= Tarchetius =

Tarchetius (Ταρχέτιος) was a mythical king of the Albans, who in some traditions is connected with Romulus and Remus, the founders of Rome. He was described as lawless and cruel. His story is described by Plutarch in his work Romulus.

During his reign, he was visited by a strange phantom in his house, namely, a phallus rose out of the hearth and remained there for many days. An oracle of Tethys in Tuscany declared that a virgin must have intercourse with this phantom and would give birth to a son remarkable for his valor, strength, and good fortune.

Tarchetius reported the oracle to one of his daughters and ordered her to obey it, but she refused and instead sent one of her maidservants to the phantom. When Tarchetius discovered this deception, he became enraged and intended to put both the daughter and the handmaid to death. However, the goddess Hestia appeared to him in a dream and forbade the killings.

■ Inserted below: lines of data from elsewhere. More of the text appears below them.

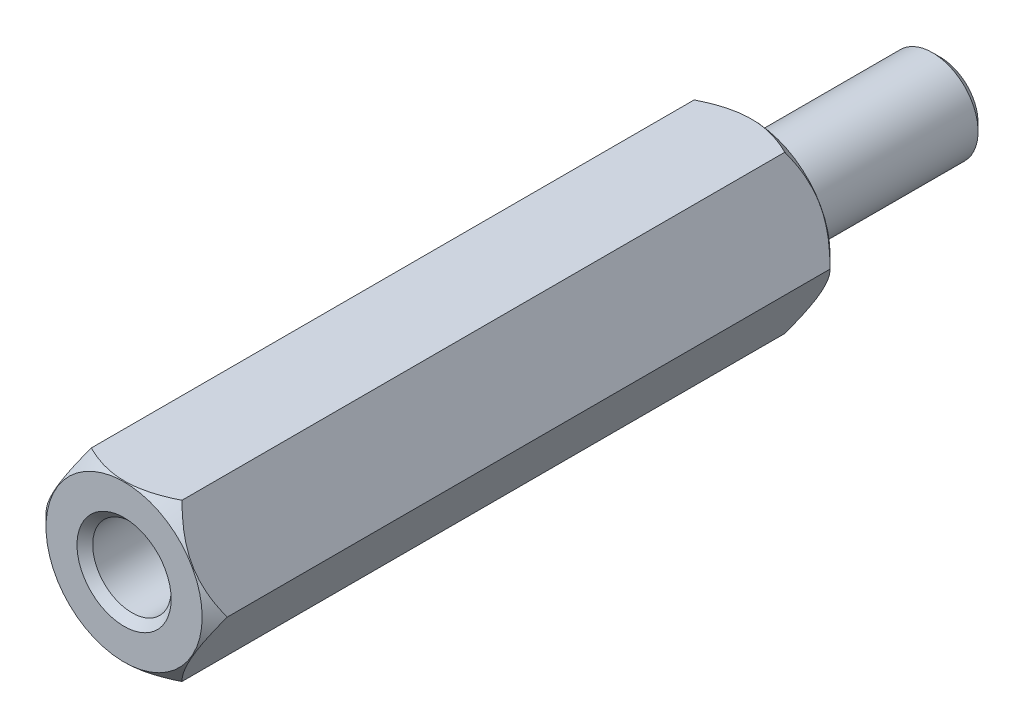
ISO-10303-21;
HEADER;
FILE_DESCRIPTION(('STEP AP214'),'2;1');
FILE_NAME('part.step','',(''),(''),'','','');
FILE_SCHEMA(('AUTOMOTIVE_DESIGN { 1 0 10303 214 1 1 1 1 }'));
ENDSEC;
DATA;
#1=APPLICATION_CONTEXT('core data for automotive mechanical design processes');
#2=APPLICATION_PROTOCOL_DEFINITION('international standard','automotive_design',2000,#1);
#3=PRODUCT_CONTEXT('',#1,'mechanical');
#4=PRODUCT('Part','Part','',(#3));
#5=PRODUCT_RELATED_PRODUCT_CATEGORY('part','',(#4));
#6=PRODUCT_DEFINITION_FORMATION('','',#4);
#7=PRODUCT_DEFINITION_CONTEXT('part definition',#1,'design');
#8=PRODUCT_DEFINITION('design','',#6,#7);
#9=PRODUCT_DEFINITION_SHAPE('','',#8);
#10=(LENGTH_UNIT() NAMED_UNIT(*) SI_UNIT(.MILLI.,.METRE.));
#11=(NAMED_UNIT(*) PLANE_ANGLE_UNIT() SI_UNIT($,.RADIAN.));
#12=(NAMED_UNIT(*) SI_UNIT($,.STERADIAN.) SOLID_ANGLE_UNIT());
#13=UNCERTAINTY_MEASURE_WITH_UNIT(LENGTH_MEASURE(1.E-05),#10,'distance_accuracy_value','');
#14=(GEOMETRIC_REPRESENTATION_CONTEXT(3) GLOBAL_UNCERTAINTY_ASSIGNED_CONTEXT((#13)) GLOBAL_UNIT_ASSIGNED_CONTEXT((#10,
#11,#12)) REPRESENTATION_CONTEXT('',''));
#15=CARTESIAN_POINT('',(0.,0.,0.));
#16=DIRECTION('',(0.,0.,1.));
#17=DIRECTION('',(1.,0.,0.));
#18=AXIS2_PLACEMENT_3D('',#15,#16,#17);
#19=CARTESIAN_POINT('',(0.,0.,10.));
#20=DIRECTION('',(0.,0.,1.));
#21=DIRECTION('',(1.,0.,0.));
#22=AXIS2_PLACEMENT_3D('',#19,#20,#21);
#23=CYLINDRICAL_SURFACE('',#22,1.24999999999999);
#24=CARTESIAN_POINT('',(0.,0.,9.75000000000001));
#25=DIRECTION('',(0.,0.,1.));
#26=DIRECTION('',(1.,0.,0.));
#27=AXIS2_PLACEMENT_3D('',#24,#25,#26);
#28=CIRCLE('',#27,1.24999999999999);
#29=CARTESIAN_POINT('',(1.24999999999999,0.,9.75000000000001));
#30=VERTEX_POINT('',#29);
#31=EDGE_CURVE('E52',#30,#30,#28,.T.);
#32=ORIENTED_EDGE('',*,*,#31,.T.);
#33=EDGE_LOOP('',(#32));
#34=FACE_BOUND('',#33,.T.);
#35=CARTESIAN_POINT('',(0.,0.,-8.));
#36=DIRECTION('',(0.,0.,-1.));
#37=DIRECTION('',(-1.,0.,0.));
#38=AXIS2_PLACEMENT_3D('',#35,#36,#37);
#39=CIRCLE('',#38,1.24999999999999);
#40=CARTESIAN_POINT('',(-1.24999999999999,0.,-8.));
#41=VERTEX_POINT('',#40);
#42=EDGE_CURVE('E119',#41,#41,#39,.F.);
#43=ORIENTED_EDGE('',*,*,#42,.F.);
#44=EDGE_LOOP('',(#43));
#45=FACE_BOUND('',#44,.T.);
#46=ADVANCED_FACE('F42',(#34,#45),#23,.F.);
#47=CARTESIAN_POINT('',(1.44337567297409,-2.49999999999998,10.));
#48=DIRECTION('',(-0.866025403784442,0.499999999999995,0.));
#49=DIRECTION('',(-0.499999999999995,-0.866025403784442,0.));
#50=AXIS2_PLACEMENT_3D('',#47,#48,#49);
#51=PLANE('',#50);
#52=CARTESIAN_POINT('',(1.44326020292026,-2.50019999999999,9.59988452301824));
#53=CARTESIAN_POINT('',(1.49287669073471,-2.41426172221222,9.64945929464527));
#54=CARTESIAN_POINT('',(1.54332283764112,-2.32688643272423,9.69612251863749));
#55=CARTESIAN_POINT('',(1.64618811625262,-2.1487185438344,9.7815618599617));
#56=CARTESIAN_POINT('',(1.69861703122362,-2.05790899931891,9.82029043759399));
#57=CARTESIAN_POINT('',(1.80433744175988,-1.87479587687307,9.88663329610226));
#58=CARTESIAN_POINT('',(1.85760201171318,-1.78253893547065,9.91441433146914));
#59=CARTESIAN_POINT('',(1.96530378549011,-1.5959939912237,9.95721682408933));
#60=CARTESIAN_POINT('',(2.01973769896308,-1.50171168743371,9.97227023332865));
#61=CARTESIAN_POINT('',(2.11355131286834,-1.33922174170815,9.98585227779051));
#62=CARTESIAN_POINT('',(2.15280980880343,-1.27122403211984,9.98786290075919));
#63=CARTESIAN_POINT('',(2.23126263056551,-1.13533975883077,9.98447588281251));
#64=CARTESIAN_POINT('',(2.27045692907359,-1.06745324244775,9.97907564470017));
#65=CARTESIAN_POINT('',(2.34847544336506,-0.932321211763883,9.96117421159752));
#66=CARTESIAN_POINT('',(2.38729919566124,-0.865076500246428,9.94866507295351));
#67=CARTESIAN_POINT('',(2.46427534467605,-0.731749899181788,9.91723249804429));
#68=CARTESIAN_POINT('',(2.50242779262543,-0.66566792090033,9.89830955350318));
#69=CARTESIAN_POINT('',(2.60015256308363,-0.496403653308724,9.84213263859175));
#70=CARTESIAN_POINT('',(2.6591189485299,-0.394270877777098,9.80064416840381));
#71=CARTESIAN_POINT('',(2.74582384890658,-0.244093585059486,9.73060595327691));
#72=CARTESIAN_POINT('',(2.77439698586413,-0.194603460117387,9.70599774788392));
#73=CARTESIAN_POINT('',(2.83101398781794,-0.0965399361611519,9.65453811328476));
#74=CARTESIAN_POINT('',(2.85905816495513,-0.0479659965030718,9.62768806122065));
#75=CARTESIAN_POINT('',(2.88686681600197,0.000199999999999628,9.59988452301824));
#76=B_SPLINE_CURVE_WITH_KNOTS('',3,(#52,#53,#54,#55,#56,#57,#58,#59,#60,#61,#62,#63,#64,#65,#66,
#67,#68,#69,#70,#71,#72,#73,#74,#75),.UNSPECIFIED.,.F.,.F.,(4,2,2,2,2,2,2,2,2,2,2,4),(0.,
0.333012085133922,0.667964518301391,0.99759703204329,1.32639954393843,1.56169424147167,
1.79707142102082,2.0327121352217,2.2683347877565,2.64260240809531,2.82922877818861,
3.01574133749022),.UNSPECIFIED.);
#77=CARTESIAN_POINT('',(1.4433756729741,-2.49999999999999,9.6));
#78=VERTEX_POINT('',#77);
#79=CARTESIAN_POINT('',(2.88675134594813,0.,9.6));
#80=VERTEX_POINT('',#79);
#81=EDGE_CURVE('E96',#78,#80,#76,.T.);
#82=ORIENTED_EDGE('',*,*,#81,.F.);
#83=DIRECTION('',(0.,0.,-1.));
#84=VECTOR('',#83,1.);
#85=CARTESIAN_POINT('',(1.44337567297409,-2.49999999999998,10.));
#86=LINE('',#85,#84);
#87=CARTESIAN_POINT('',(1.44337567297409,-2.49999999999998,-9.60000000000001));
#88=VERTEX_POINT('',#87);
#89=EDGE_CURVE('E67',#78,#88,#86,.T.);
#90=ORIENTED_EDGE('',*,*,#89,.T.);
#91=CARTESIAN_POINT('',(2.88686681600197,0.0002,-9.59988452301824));
#92=CARTESIAN_POINT('',(2.83725032818751,-0.0857382777877641,-9.64945929464528));
#93=CARTESIAN_POINT('',(2.7868041812811,-0.173113567275752,-9.69612251863749));
#94=CARTESIAN_POINT('',(2.68393890266961,-0.351281456165586,-9.7815618599617));
#95=CARTESIAN_POINT('',(2.63150998769861,-0.442091000681072,-9.82029043759399));
#96=CARTESIAN_POINT('',(2.52578957716235,-0.625204123126917,-9.88663329610226));
#97=CARTESIAN_POINT('',(2.47252500720905,-0.717461064529336,-9.91441433146914));
#98=CARTESIAN_POINT('',(2.36482323343211,-0.90400600877628,-9.95721682408933));
#99=CARTESIAN_POINT('',(2.31038931995914,-0.998288312566276,-9.97227023332865));
#100=CARTESIAN_POINT('',(2.21657570605388,-1.16077825829184,-9.98585227779051));
#101=CARTESIAN_POINT('',(2.1773172101188,-1.22877596788014,-9.98786290075919));
#102=CARTESIAN_POINT('',(2.09886438835672,-1.36466024116921,-9.98447588281251));
#103=CARTESIAN_POINT('',(2.05967008984864,-1.43254675755223,-9.97907564470017));
#104=CARTESIAN_POINT('',(1.98165157555716,-1.5676787882361,-9.96117421159752));
#105=CARTESIAN_POINT('',(1.94282782326098,-1.63492349975355,-9.94866507295351));
#106=CARTESIAN_POINT('',(1.86585167424618,-1.76825010081819,-9.91723249804429));
#107=CARTESIAN_POINT('',(1.8276992262968,-1.83433207909965,-9.89830955350318));
#108=CARTESIAN_POINT('',(1.7299744558386,-2.00359634669126,-9.84213263859175));
#109=CARTESIAN_POINT('',(1.67100807039233,-2.10572912222288,-9.80064416840381));
#110=CARTESIAN_POINT('',(1.58430317001565,-2.2559064149405,-9.73060595327691));
#111=CARTESIAN_POINT('',(1.5557300330581,-2.3053965398826,-9.70599774788392));
#112=CARTESIAN_POINT('',(1.49911303110428,-2.40346006383883,-9.65453811328476));
#113=CARTESIAN_POINT('',(1.47106885396709,-2.45203400349691,-9.62768806122065));
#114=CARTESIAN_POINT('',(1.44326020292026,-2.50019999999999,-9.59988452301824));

Instead, Tarchetius imprisoned the two women and imposed on them the task of weaving a web, promising that they would be given in marriage once it was finished. During the day the women wove the cloth, but at night Tarchetius secretly ordered other maidens to unravel it, ensuring that the work was never completed. In time, the handmaid gave birth to twin boys by the phantom.

Tarchetius then gave the twins to a man named Teratius with orders to destroy them. Teratius carried the infants to the riverbank and left them there. A she-wolf came and suckled the babies, while birds brought food to them, until a cowherd discovered the children and took them home. The twins survived, grew to manhood, and eventually attacked Tarchetius and defeated him. This account is attributed to Promathion, who wrote a history of Italy.